Available data START

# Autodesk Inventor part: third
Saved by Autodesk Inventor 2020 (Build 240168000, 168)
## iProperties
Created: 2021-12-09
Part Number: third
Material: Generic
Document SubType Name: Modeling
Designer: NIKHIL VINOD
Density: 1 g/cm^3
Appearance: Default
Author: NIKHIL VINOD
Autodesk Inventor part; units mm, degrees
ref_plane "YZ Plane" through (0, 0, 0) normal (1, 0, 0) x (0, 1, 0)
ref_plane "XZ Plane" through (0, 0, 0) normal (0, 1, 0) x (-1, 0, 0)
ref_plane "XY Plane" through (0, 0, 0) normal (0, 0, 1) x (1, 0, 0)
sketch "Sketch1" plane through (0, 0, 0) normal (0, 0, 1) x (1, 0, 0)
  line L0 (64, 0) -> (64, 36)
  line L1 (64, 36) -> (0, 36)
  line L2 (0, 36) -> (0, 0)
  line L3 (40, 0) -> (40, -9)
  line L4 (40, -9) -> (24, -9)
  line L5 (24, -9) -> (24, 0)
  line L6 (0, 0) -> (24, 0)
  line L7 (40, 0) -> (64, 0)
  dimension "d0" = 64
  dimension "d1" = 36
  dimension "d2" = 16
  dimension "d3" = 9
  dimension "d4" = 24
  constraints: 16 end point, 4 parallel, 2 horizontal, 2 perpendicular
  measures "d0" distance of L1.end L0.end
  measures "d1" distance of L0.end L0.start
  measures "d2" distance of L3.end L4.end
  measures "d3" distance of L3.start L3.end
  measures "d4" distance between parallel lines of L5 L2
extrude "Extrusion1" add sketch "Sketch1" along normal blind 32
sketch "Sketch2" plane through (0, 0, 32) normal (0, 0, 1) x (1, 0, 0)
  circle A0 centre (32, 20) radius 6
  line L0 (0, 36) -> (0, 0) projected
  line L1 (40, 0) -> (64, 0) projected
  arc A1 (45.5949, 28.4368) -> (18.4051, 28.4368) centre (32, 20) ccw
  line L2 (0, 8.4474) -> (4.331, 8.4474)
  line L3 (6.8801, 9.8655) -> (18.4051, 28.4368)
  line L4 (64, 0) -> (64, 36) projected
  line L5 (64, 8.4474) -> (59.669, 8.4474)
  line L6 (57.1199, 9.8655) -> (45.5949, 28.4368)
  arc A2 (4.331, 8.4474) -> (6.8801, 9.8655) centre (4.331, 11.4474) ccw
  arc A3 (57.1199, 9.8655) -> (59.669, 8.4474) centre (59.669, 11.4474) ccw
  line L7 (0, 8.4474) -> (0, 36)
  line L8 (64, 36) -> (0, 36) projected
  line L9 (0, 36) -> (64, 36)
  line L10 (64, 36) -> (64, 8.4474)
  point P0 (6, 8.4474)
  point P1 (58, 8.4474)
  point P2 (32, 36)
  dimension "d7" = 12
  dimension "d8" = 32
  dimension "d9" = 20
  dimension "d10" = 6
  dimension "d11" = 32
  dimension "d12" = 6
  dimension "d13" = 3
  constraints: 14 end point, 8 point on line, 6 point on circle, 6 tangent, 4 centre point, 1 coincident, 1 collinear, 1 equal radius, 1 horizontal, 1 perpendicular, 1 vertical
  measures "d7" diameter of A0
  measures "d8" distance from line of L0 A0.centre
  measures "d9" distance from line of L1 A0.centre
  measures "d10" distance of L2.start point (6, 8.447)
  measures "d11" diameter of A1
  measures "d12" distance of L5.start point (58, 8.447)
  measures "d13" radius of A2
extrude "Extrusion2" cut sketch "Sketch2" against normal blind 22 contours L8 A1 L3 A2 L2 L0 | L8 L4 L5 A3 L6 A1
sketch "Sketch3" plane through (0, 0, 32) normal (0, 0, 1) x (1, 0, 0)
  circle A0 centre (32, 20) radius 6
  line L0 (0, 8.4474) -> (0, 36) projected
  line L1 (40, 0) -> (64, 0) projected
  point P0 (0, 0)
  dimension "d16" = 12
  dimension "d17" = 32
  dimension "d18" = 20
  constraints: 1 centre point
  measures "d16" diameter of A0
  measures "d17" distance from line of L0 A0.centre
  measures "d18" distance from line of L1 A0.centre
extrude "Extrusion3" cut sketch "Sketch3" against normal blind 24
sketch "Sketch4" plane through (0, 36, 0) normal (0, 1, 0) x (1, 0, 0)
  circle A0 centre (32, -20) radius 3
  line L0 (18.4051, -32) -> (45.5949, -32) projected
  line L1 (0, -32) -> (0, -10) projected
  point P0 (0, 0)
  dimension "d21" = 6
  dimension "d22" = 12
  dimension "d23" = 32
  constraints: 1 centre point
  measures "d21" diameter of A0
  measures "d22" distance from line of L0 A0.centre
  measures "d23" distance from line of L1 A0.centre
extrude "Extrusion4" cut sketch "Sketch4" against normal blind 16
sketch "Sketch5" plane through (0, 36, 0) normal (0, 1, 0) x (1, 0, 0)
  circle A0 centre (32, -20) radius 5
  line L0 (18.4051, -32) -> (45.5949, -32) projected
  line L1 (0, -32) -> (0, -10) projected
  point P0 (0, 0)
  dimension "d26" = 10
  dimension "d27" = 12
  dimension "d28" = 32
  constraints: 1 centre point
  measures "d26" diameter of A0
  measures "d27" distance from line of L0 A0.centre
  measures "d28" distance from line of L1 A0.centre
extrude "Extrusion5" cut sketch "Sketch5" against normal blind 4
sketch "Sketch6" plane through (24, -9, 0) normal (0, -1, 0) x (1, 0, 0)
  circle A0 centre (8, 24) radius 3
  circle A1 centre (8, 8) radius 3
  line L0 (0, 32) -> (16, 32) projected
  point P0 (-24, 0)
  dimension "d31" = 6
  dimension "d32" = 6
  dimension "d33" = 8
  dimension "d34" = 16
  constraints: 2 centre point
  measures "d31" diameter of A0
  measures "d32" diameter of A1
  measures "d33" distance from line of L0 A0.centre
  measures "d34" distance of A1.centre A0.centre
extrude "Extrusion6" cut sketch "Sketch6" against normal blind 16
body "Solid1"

Available data END

=== What this task involves ===
The full listing should be output exactly, line for line.

=== Output ===
# Autodesk Inventor part: third
Saved by Autodesk Inventor 2020 (Build 240168000, 168)
## iProperties
Created: 2021-12-09
Part Number: third
Material: Generic
Document SubType Name: Modeling
Designer: NIKHIL VINOD
Density: 1 g/cm^3
Appearance: Default
Author: NIKHIL VINOD
Autodesk Inventor part; units mm, degrees
ref_plane "YZ Plane" through (0, 0, 0) normal (1, 0, 0) x (0, 1, 0)
ref_plane "XZ Plane" through (0, 0, 0) normal (0, 1, 0) x (-1, 0, 0)
ref_plane "XY Plane" through (0, 0, 0) normal (0, 0, 1) x (1, 0, 0)
sketch "Sketch1" plane through (0, 0, 0) normal (0, 0, 1) x (1, 0, 0)
  line L0 (64, 0) -> (64, 36)
  line L1 (64, 36) -> (0, 36)
  line L2 (0, 36) -> (0, 0)
  line L3 (40, 0) -> (40, -9)
  line L4 (40, -9) -> (24, -9)
  line L5 (24, -9) -> (24, 0)
  line L6 (0, 0) -> (24, 0)
  line L7 (40, 0) -> (64, 0)
  dimension "d0" = 64
  dimension "d1" = 36
  dimension "d2" = 16
  dimension "d3" = 9
  dimension "d4" = 24
  constraints: 16 end point, 4 parallel, 2 horizontal, 2 perpendicular
  measures "d0" distance of L1.end L0.end
  measures "d1" distance of L0.end L0.start
  measures "d2" distance of L3.end L4.end
  measures "d3" distance of L3.start L3.end
  measures "d4" distance between parallel lines of L5 L2
extrude "Extrusion1" add sketch "Sketch1" along normal blind 32
sketch "Sketch2" plane through (0, 0, 32) normal (0, 0, 1) x (1, 0, 0)
  circle A0 centre (32, 20) radius 6
  line L0 (0, 36) -> (0, 0) projected
  line L1 (40, 0) -> (64, 0) projected
  arc A1 (45.5949, 28.4368) -> (18.4051, 28.4368) centre (32, 20) ccw
  line L2 (0, 8.4474) -> (4.331, 8.4474)
  line L3 (6.8801, 9.8655) -> (18.4051, 28.4368)
  line L4 (64, 0) -> (64, 36) projected
  line L5 (64, 8.4474) -> (59.669, 8.4474)
  line L6 (57.1199, 9.8655) -> (45.5949, 28.4368)
  arc A2 (4.331, 8.4474) -> (6.8801, 9.8655) centre (4.331, 11.4474) ccw
  arc A3 (57.1199, 9.8655) -> (59.669, 8.4474) centre (59.669, 11.4474) ccw
  line L7 (0, 8.4474) -> (0, 36)
  line L8 (64, 36) -> (0, 36) projected
  line L9 (0, 36) -> (64, 36)
  line L10 (64, 36) -> (64, 8.4474)
  point P0 (6, 8.4474)
  point P1 (58, 8.4474)
  point P2 (32, 36)
  dimension "d7" = 12
  dimension "d8" = 32
  dimension "d9" = 20
  dimension "d10" = 6
  dimension "d11" = 32
  dimension "d12" = 6
  dimension "d13" = 3
  constraints: 14 end point, 8 point on line, 6 point on circle, 6 tangent, 4 centre point, 1 coincident, 1 collinear, 1 equal radius, 1 horizontal, 1 perpendicular, 1 vertical
  measures "d7" diameter of A0
  measures "d8" distance from line of L0 A0.centre
  measures "d9" distance from line of L1 A0.centre
  measures "d10" distance of L2.start point (6, 8.447)
  measures "d11" diameter of A1
  measures "d12" distance of L5.start point (58, 8.447)
  measures "d13" radius of A2
extrude "Extrusion2" cut sketch "Sketch2" against normal blind 22 contours L8 A1 L3 A2 L2 L0 | L8 L4 L5 A3 L6 A1
sketch "Sketch3" plane through (0, 0, 32) normal (0, 0, 1) x (1, 0, 0)
  circle A0 centre (32, 20) radius 6
  line L0 (0, 8.4474) -> (0, 36) projected
  line L1 (40, 0) -> (64, 0) projected
  point P0 (0, 0)
  dimension "d16" = 12
  dimension "d17" = 32
  dimension "d18" = 20
  constraints: 1 centre point
  measures "d16" diameter of A0
  measures "d17" distance from line of L0 A0.centre
  measures "d18" distance from line of L1 A0.centre
extrude "Extrusion3" cut sketch "Sketch3" against normal blind 24
sketch "Sketch4" plane through (0, 36, 0) normal (0, 1, 0) x (1, 0, 0)
  circle A0 centre (32, -20) radius 3
  line L0 (18.4051, -32) -> (45.5949, -32) projected
  line L1 (0, -32) -> (0, -10) projected
  point P0 (0, 0)
  dimension "d21" = 6
  dimension "d22" = 12
  dimension "d23" = 32
  constraints: 1 centre point
  measures "d21" diameter of A0
  measures "d22" distance from line of L0 A0.centre
  measures "d23" distance from line of L1 A0.centre
extrude "Extrusion4" cut sketch "Sketch4" against normal blind 16
sketch "Sketch5" plane through (0, 36, 0) normal (0, 1, 0) x (1, 0, 0)
  circle A0 centre (32, -20) radius 5
  line L0 (18.4051, -32) -> (45.5949, -32) projected
  line L1 (0, -32) -> (0, -10) projected
  point P0 (0, 0)
  dimension "d26" = 10
  dimension "d27" = 12
  dimension "d28" = 32
  constraints: 1 centre point
  measures "d26" diameter of A0
  measures "d27" distance from line of L0 A0.centre
  measures "d28" distance from line of L1 A0.centre
extrude "Extrusion5" cut sketch "Sketch5" against normal blind 4
sketch "Sketch6" plane through (24, -9, 0) normal (0, -1, 0) x (1, 0, 0)
  circle A0 centre (8, 24) radius 3
  circle A1 centre (8, 8) radius 3
  line L0 (0, 32) -> (16, 32) projected
  point P0 (-24, 0)
  dimension "d31" = 6
  dimension "d32" = 6
  dimension "d33" = 8
  dimension "d34" = 16
  constraints: 2 centre point
  measures "d31" diameter of A0
  measures "d32" diameter of A1
  measures "d33" distance from line of L0 A0.centre
  measures "d34" distance of A1.centre A0.centre
extrude "Extrusion6" cut sketch "Sketch6" against normal blind 16
body "Solid1"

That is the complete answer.